ASSIGNED TASK: Starting at the line below holding "line L21 (15.4224, -1.1968)" and stopping at the line holding "line L31 (1.1968, 15.4224)", print every line exactly, both ends included, and leave the rest out.

[Dataset items]
-*-
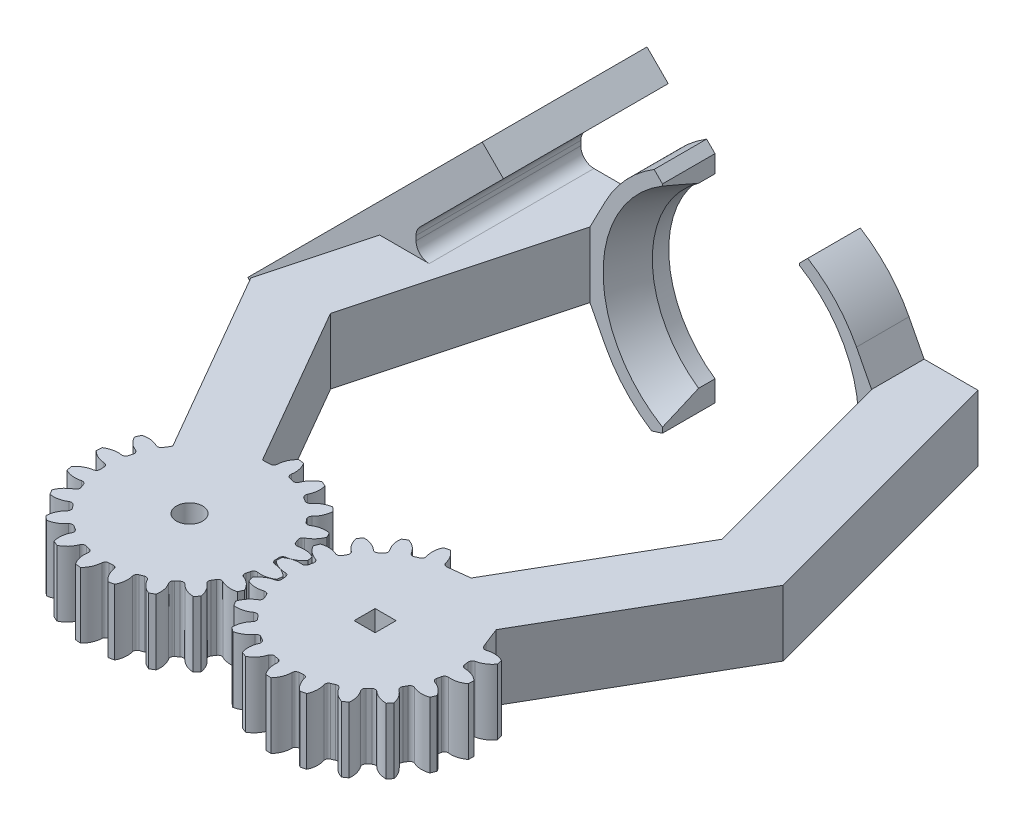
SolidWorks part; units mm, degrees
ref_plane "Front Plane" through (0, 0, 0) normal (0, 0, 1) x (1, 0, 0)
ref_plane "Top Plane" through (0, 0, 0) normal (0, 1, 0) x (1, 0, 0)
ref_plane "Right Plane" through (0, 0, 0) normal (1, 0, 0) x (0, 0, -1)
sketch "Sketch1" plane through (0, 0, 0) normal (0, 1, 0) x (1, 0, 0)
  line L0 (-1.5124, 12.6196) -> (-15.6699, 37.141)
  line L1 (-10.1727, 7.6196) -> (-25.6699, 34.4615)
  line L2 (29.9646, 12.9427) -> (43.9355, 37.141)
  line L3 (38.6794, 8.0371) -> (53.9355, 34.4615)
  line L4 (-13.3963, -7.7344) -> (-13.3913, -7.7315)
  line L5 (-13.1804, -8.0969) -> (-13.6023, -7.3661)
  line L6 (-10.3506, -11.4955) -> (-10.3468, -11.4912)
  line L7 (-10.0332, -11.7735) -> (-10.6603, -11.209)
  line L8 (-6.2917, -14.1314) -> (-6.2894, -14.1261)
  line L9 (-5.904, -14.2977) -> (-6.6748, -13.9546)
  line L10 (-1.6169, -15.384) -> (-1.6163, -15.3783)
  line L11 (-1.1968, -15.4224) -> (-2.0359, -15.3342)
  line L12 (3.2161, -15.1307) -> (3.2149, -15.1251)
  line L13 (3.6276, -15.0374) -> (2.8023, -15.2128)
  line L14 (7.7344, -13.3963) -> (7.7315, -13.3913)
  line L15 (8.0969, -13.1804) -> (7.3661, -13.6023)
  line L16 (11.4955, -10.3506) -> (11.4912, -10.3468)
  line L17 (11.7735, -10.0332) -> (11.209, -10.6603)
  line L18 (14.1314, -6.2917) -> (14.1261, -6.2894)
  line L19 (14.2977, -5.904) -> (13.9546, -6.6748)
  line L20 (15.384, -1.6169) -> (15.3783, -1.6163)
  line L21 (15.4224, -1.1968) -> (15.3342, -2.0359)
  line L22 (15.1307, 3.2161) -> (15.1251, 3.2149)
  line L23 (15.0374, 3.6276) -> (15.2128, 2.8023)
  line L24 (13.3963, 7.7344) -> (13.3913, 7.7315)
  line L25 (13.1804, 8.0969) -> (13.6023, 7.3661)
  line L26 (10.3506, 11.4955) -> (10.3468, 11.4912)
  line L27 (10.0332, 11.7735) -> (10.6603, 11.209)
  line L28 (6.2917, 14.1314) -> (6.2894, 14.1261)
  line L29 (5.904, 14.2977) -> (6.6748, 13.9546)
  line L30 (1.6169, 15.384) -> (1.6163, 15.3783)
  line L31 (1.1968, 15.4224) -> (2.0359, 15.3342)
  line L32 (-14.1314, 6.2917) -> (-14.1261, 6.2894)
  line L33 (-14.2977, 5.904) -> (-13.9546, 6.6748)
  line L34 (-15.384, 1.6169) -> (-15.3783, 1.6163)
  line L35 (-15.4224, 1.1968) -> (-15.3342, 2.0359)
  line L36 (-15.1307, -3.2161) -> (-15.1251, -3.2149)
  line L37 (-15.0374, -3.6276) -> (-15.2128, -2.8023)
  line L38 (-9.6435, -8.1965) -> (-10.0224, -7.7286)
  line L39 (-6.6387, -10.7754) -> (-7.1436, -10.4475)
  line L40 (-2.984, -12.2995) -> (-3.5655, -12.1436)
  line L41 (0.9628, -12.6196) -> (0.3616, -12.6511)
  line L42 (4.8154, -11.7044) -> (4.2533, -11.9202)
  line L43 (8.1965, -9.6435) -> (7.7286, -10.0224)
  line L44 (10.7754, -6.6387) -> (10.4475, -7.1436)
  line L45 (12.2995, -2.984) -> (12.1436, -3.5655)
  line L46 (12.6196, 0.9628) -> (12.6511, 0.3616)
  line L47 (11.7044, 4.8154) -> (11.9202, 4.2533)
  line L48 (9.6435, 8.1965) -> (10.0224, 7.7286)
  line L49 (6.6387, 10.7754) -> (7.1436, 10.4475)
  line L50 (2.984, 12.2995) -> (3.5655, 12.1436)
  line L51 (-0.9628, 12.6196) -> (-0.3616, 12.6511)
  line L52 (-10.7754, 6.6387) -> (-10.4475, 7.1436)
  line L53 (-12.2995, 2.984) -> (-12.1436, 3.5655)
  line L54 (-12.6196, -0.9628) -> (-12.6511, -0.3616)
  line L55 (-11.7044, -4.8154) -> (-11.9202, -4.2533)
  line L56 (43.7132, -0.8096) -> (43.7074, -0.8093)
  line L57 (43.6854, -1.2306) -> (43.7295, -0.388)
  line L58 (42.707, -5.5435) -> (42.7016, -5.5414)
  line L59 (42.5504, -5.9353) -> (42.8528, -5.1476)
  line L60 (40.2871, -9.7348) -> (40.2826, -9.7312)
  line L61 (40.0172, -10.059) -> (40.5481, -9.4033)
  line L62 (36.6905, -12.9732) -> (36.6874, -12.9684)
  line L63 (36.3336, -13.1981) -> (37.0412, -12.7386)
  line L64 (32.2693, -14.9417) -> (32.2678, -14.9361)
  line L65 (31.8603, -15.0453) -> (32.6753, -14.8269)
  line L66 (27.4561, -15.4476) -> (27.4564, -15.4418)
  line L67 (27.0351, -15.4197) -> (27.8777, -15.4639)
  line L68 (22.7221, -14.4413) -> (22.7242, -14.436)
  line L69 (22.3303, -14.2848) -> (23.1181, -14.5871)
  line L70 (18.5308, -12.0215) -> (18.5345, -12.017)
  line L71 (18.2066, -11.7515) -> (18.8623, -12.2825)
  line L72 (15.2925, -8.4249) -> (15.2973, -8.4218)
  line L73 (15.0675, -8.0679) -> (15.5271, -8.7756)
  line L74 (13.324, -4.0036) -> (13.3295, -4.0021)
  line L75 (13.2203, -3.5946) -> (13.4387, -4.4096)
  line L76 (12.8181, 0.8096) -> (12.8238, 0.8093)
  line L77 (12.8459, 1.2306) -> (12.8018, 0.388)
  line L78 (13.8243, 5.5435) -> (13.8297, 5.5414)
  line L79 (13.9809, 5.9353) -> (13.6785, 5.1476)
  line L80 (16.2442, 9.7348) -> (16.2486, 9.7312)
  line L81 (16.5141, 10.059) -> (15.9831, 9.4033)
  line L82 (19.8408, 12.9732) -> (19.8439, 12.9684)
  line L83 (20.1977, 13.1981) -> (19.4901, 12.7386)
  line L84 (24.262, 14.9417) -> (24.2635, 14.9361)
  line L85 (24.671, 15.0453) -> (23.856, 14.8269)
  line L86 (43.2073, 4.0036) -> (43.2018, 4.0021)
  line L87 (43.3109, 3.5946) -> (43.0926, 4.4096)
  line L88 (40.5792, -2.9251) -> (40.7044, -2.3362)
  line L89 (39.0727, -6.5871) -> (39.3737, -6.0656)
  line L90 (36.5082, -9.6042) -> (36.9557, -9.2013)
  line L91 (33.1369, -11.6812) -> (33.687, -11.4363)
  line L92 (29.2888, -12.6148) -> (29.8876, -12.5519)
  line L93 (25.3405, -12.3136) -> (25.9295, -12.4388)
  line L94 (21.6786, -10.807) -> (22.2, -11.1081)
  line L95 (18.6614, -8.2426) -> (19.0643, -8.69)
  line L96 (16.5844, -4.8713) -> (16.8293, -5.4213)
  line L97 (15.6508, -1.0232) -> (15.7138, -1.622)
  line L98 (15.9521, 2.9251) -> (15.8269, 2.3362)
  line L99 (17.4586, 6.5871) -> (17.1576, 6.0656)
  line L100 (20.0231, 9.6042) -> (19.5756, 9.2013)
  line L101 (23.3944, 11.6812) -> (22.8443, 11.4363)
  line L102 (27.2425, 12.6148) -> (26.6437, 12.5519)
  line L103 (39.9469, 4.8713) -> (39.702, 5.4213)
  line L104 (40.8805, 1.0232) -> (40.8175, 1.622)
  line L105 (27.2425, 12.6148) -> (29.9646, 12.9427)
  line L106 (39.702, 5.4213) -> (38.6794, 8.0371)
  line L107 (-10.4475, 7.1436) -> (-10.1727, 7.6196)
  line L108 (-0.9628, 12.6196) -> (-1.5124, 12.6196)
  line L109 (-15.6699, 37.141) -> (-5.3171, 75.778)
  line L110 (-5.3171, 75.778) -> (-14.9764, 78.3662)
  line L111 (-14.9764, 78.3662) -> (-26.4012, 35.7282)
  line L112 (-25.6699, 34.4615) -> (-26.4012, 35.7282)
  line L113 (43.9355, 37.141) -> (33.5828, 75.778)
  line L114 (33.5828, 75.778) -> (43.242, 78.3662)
-*-
YOUR SOLUTION:
  line L21 (15.4224, -1.1968) -> (15.3342, -2.0359)
  line L22 (15.1307, 3.2161) -> (15.1251, 3.2149)
  line L23 (15.0374, 3.6276) -> (15.2128, 2.8023)
  line L24 (13.3963, 7.7344) -> (13.3913, 7.7315)
  line L25 (13.1804, 8.0969) -> (13.6023, 7.3661)
  line L26 (10.3506, 11.4955) -> (10.3468, 11.4912)
  line L27 (10.0332, 11.7735) -> (10.6603, 11.209)
  line L28 (6.2917, 14.1314) -> (6.2894, 14.1261)
  line L29 (5.904, 14.2977) -> (6.6748, 13.9546)
  line L30 (1.6169, 15.384) -> (1.6163, 15.3783)
  line L31 (1.1968, 15.4224) -> (2.0359, 15.3342)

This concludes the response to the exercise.